This directory contains the programs to find the number of transmitted variants in acute HCV infections as described in the supplement to the paper [ref]. Two different methods of clustering are implemented and are provided in separate folders. You can download these as zip files: `AvThreshClust`

and `MaxThreshClust`

.

Both of these clustering tools are based on a model that takes into account HCV's life cycle, that HCV replication occurs via a replication complex, and that there can be many replication complexes continuously producing viruses from a long-lived infected cell. As a result, the model predicts that sequences with a small number of shared mutations can arise in a subject at detectable frequencies prior to the onset of immune selection. Furthermore, the model shows that these clusters have to satisfy two separate criteria: (a) the total amount of mutation that could have accumulated is limited by the mutation rate of the virus and the generation time, and (b) the number of mutations shared by distinct sequences is related by coalescent theory to the growth and stabilization of viral load in these acute infections. Starting at the tips of the phylogenetic tree, these codes identify the largest clusters that are consistent with these two criteria.
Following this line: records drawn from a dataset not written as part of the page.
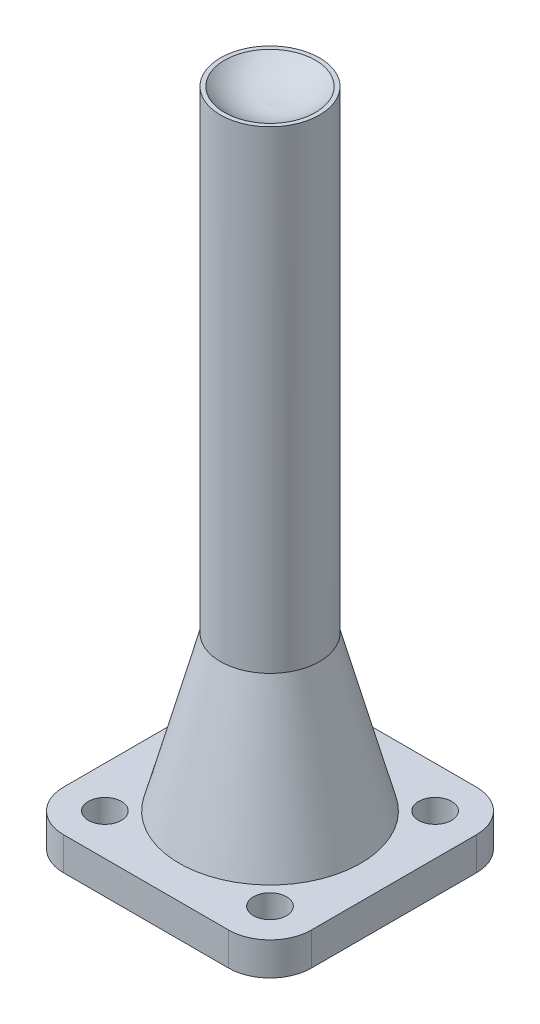
ISO-10303-21;
HEADER;
FILE_DESCRIPTION(('STEP AP214'),'2;1');
FILE_NAME('part.step','',(''),(''),'','','');
FILE_SCHEMA(('AUTOMOTIVE_DESIGN { 1 0 10303 214 1 1 1 1 }'));
ENDSEC;
DATA;
#1=APPLICATION_CONTEXT('core data for automotive mechanical design processes');
#2=APPLICATION_PROTOCOL_DEFINITION('international standard','automotive_design',2000,#1);
#3=PRODUCT_CONTEXT('',#1,'mechanical');
#4=PRODUCT('Part','Part','',(#3));
#5=PRODUCT_RELATED_PRODUCT_CATEGORY('part','',(#4));
#6=PRODUCT_DEFINITION_FORMATION('','',#4);
#7=PRODUCT_DEFINITION_CONTEXT('part definition',#1,'design');
#8=PRODUCT_DEFINITION('design','',#6,#7);
#9=PRODUCT_DEFINITION_SHAPE('','',#8);
#10=(LENGTH_UNIT() NAMED_UNIT(*) SI_UNIT(.MILLI.,.METRE.));
#11=(NAMED_UNIT(*) PLANE_ANGLE_UNIT() SI_UNIT($,.RADIAN.));
#12=(NAMED_UNIT(*) SI_UNIT($,.STERADIAN.) SOLID_ANGLE_UNIT());
#13=UNCERTAINTY_MEASURE_WITH_UNIT(LENGTH_MEASURE(1.E-05),#10,'distance_accuracy_value','');
#14=(GEOMETRIC_REPRESENTATION_CONTEXT(3) GLOBAL_UNCERTAINTY_ASSIGNED_CONTEXT((#13)) GLOBAL_UNIT_ASSIGNED_CONTEXT((#10,
#11,#12)) REPRESENTATION_CONTEXT('',''));
#15=CARTESIAN_POINT('',(0.,0.,0.));
#16=DIRECTION('',(0.,0.,1.));
#17=DIRECTION('',(1.,0.,0.));
#18=AXIS2_PLACEMENT_3D('',#15,#16,#17);
#19=CARTESIAN_POINT('',(0.,4.,0.));
#20=DIRECTION('',(0.,-1.,0.));
#21=DIRECTION('',(0.,0.,-1.));
#22=AXIS2_PLACEMENT_3D('',#19,#20,#21);
#23=PLANE('',#22);
#24=CARTESIAN_POINT('',(0.,4.,0.));
#25=DIRECTION('',(0.,-1.,0.));
#26=DIRECTION('',(0.,0.,-1.));
#27=AXIS2_PLACEMENT_3D('',#24,#25,#26);
#28=CIRCLE('',#27,11.);
#29=CARTESIAN_POINT('',(0.,4.,-11.));
#30=VERTEX_POINT('',#29);
#31=EDGE_CURVE('E11',#30,#30,#28,.T.);
#32=ORIENTED_EDGE('',*,*,#31,.T.);
#33=EDGE_LOOP('',(#32));
#34=FACE_BOUND('',#33,.T.);
#35=DIRECTION('',(1.,0.,0.));
#36=VECTOR('',#35,1.);
#37=CARTESIAN_POINT('',(-15.,4.,15.));
#38=LINE('',#37,#36);
#39=CARTESIAN_POINT('',(-10.,4.,15.));
#40=VERTEX_POINT('',#39);
#41=CARTESIAN_POINT('',(10.,4.,15.));
#42=VERTEX_POINT('',#41);
#43=EDGE_CURVE('E156',#40,#42,#38,.T.);
#44=ORIENTED_EDGE('',*,*,#43,.T.);
#45=CARTESIAN_POINT('',(10.,4.,10.));
#46=DIRECTION('',(0.,-1.,0.));
#47=DIRECTION('',(0.,0.,-1.));
#48=AXIS2_PLACEMENT_3D('',#45,#46,#47);
#49=CIRCLE('',#48,5.);
#50=CARTESIAN_POINT('',(15.,4.,10.));
#51=VERTEX_POINT('',#50);
#52=EDGE_CURVE('E191',#42,#51,#49,.F.);
#53=ORIENTED_EDGE('',*,*,#52,.T.);
#54=DIRECTION('',(0.,0.,-1.));
#55=VECTOR('',#54,1.);
#56=CARTESIAN_POINT('',(15.,4.,15.));
#57=LINE('',#56,#55);
#58=CARTESIAN_POINT('',(15.,4.,-10.));
#59=VERTEX_POINT('',#58);
#60=EDGE_CURVE('E148',#51,#59,#57,.T.);
#61=ORIENTED_EDGE('',*,*,#60,.T.);
#62=CARTESIAN_POINT('',(10.,4.,-10.));
#63=DIRECTION('',(0.,-1.,0.));
#64=DIRECTION('',(0.,0.,-1.));
#65=AXIS2_PLACEMENT_3D('',#62,#63,#64);
#66=CIRCLE('',#65,5.);
#67=CARTESIAN_POINT('',(10.,4.,-15.));
#68=VERTEX_POINT('',#67);
#69=EDGE_CURVE('E188',#59,#68,#66,.F.);
#70=ORIENTED_EDGE('',*,*,#69,.T.);
#71=DIRECTION('',(-1.,0.,0.));
#72=VECTOR('',#71,1.);
#73=CARTESIAN_POINT('',(-15.,4.,-15.));
#74=LINE('',#73,#72);
#75=CARTESIAN_POINT('',(-10.,4.,-15.));
#76=VERTEX_POINT('',#75);
#77=EDGE_CURVE('E151',#68,#76,#74,.T.);
#78=ORIENTED_EDGE('',*,*,#77,.T.);
#79=CARTESIAN_POINT('',(-10.,4.,-10.));
#80=DIRECTION('',(0.,-1.,0.));
#81=DIRECTION('',(0.,0.,-1.));
#82=AXIS2_PLACEMENT_3D('',#79,#80,#81);
#83=CIRCLE('',#82,5.);
#84=CARTESIAN_POINT('',(-15.,4.,-10.));
#85=VERTEX_POINT('',#84);
#86=EDGE_CURVE('E63',#76,#85,#83,.F.);
#87=ORIENTED_EDGE('',*,*,#86,.T.);
#88=DIRECTION('',(0.,0.,1.));
#89=VECTOR('',#88,1.);
#90=CARTESIAN_POINT('',(-15.,4.,15.));
#91=LINE('',#90,#89);
#92=CARTESIAN_POINT('',(-15.,4.,10.));
#93=VERTEX_POINT('',#92);
#94=EDGE_CURVE('E154',#85,#93,#91,.T.);
#95=ORIENTED_EDGE('',*,*,#94,.T.);
#96=CARTESIAN_POINT('',(-10.,4.,10.));
#97=DIRECTION('',(0.,-1.,0.));
#98=DIRECTION('',(0.,0.,-1.));
#99=AXIS2_PLACEMENT_3D('',#96,#97,#98);
#100=CIRCLE('',#99,5.);
#101=EDGE_CURVE('E186',#93,#40,#100,.F.);
#102=ORIENTED_EDGE('',*,*,#101,.T.);
#103=EDGE_LOOP('',(#44,#53,#61,#70,#78,#87,#95,#102));
#104=FACE_BOUND('',#103,.T.);
#105=CARTESIAN_POINT('',(-10.,4.,-10.));
#106=DIRECTION('',(0.,1.,0.));
#107=DIRECTION('',(0.,0.,1.));
#108=AXIS2_PLACEMENT_3D('',#105,#106,#107);
#109=CIRCLE('',#108,2.);
#110=CARTESIAN_POINT('',(-10.,4.,-8.));
#111=VERTEX_POINT('',#110);
#112=EDGE_CURVE('E142',#111,#111,#109,.T.);
#113=ORIENTED_EDGE('',*,*,#112,.F.);
#114=EDGE_LOOP('',(#113));
#115=FACE_BOUND('',#114,.T.);
#116=CARTESIAN_POINT('',(10.,4.,-10.));
#117=DIRECTION('',(0.,1.,0.));
#118=DIRECTION('',(0.,0.,1.));
#119=AXIS2_PLACEMENT_3D('',#116,#117,#118);
#120=CIRCLE('',#119,2.);
#121=CARTESIAN_POINT('',(10.,4.,-8.));
#122=VERTEX_POINT('',#121);
#123=EDGE_CURVE('E136',#122,#122,#120,.T.);
#124=ORIENTED_EDGE('',*,*,#123,.F.);
#125=EDGE_LOOP('',(#124));
#126=FACE_BOUND('',#125,.T.);
#127=CARTESIAN_POINT('',(10.,4.,10.));
#128=DIRECTION('',(0.,1.,0.));
#129=DIRECTION('',(0.,0.,1.));
#130=AXIS2_PLACEMENT_3D('',#127,#128,#129);
#131=CIRCLE('',#130,2.);
#132=CARTESIAN_POINT('',(10.,4.,12.));
#133=VERTEX_POINT('',#132);
#134=EDGE_CURVE('E130',#133,#133,#131,.T.);
#135=ORIENTED_EDGE('',*,*,#134,.F.);
#136=EDGE_LOOP('',(#135));
#137=FACE_BOUND('',#136,.T.);
#138=CARTESIAN_POINT('',(-10.,4.,10.));
#139=DIRECTION('',(0.,1.,0.));
#140=DIRECTION('',(0.,0.,1.));
#141=AXIS2_PLACEMENT_3D('',#138,#139,#140);
#142=CIRCLE('',#141,2.);
#143=CARTESIAN_POINT('',(-10.,4.,12.));
#144=VERTEX_POINT('',#143);
#145=EDGE_CURVE('E124',#144,#144,#142,.T.);
#146=ORIENTED_EDGE('',*,*,#145,.F.);
#147=EDGE_LOOP('',(#146));
#148=FACE_BOUND('',#147,.T.);
#149=ADVANCED_FACE('F40',(#34,#104,#115,#126,#137,#148),#23,.F.);
#150=CARTESIAN_POINT('',(0.,0.,0.));
#151=DIRECTION('',(0.,-1.,0.));
#152=DIRECTION('',(0.,0.,-1.));
#153=AXIS2_PLACEMENT_3D('',#150,#151,#152);
#154=PLANE('',#153);
#155=CARTESIAN_POINT('',(10.,0.,10.));
#156=DIRECTION('',(0.,1.,0.));
#157=DIRECTION('',(0.,0.,1.));
#158=AXIS2_PLACEMENT_3D('',#155,#156,#157);
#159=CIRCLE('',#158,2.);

The two codes presented here differ in their conservativeness.
`AvThreshClust`

limits only the average amount of mutation
observed in the cluster, allowing a few highly divergent viruses to be
included within them. The average is a pretty robust measure of amount
of evolution; so the number of clusters identified by this method is likely
to be a lower bound on the number of transmitted variants.
`MaxThreshClust`

is far more aggressive in that it applies a
cutoff on the most divergent sequence allowed in a cluster. In
acute-to-acute transmissions sampled to a moderate depth, this provides a
better estimate of the likely number of transmitted variants.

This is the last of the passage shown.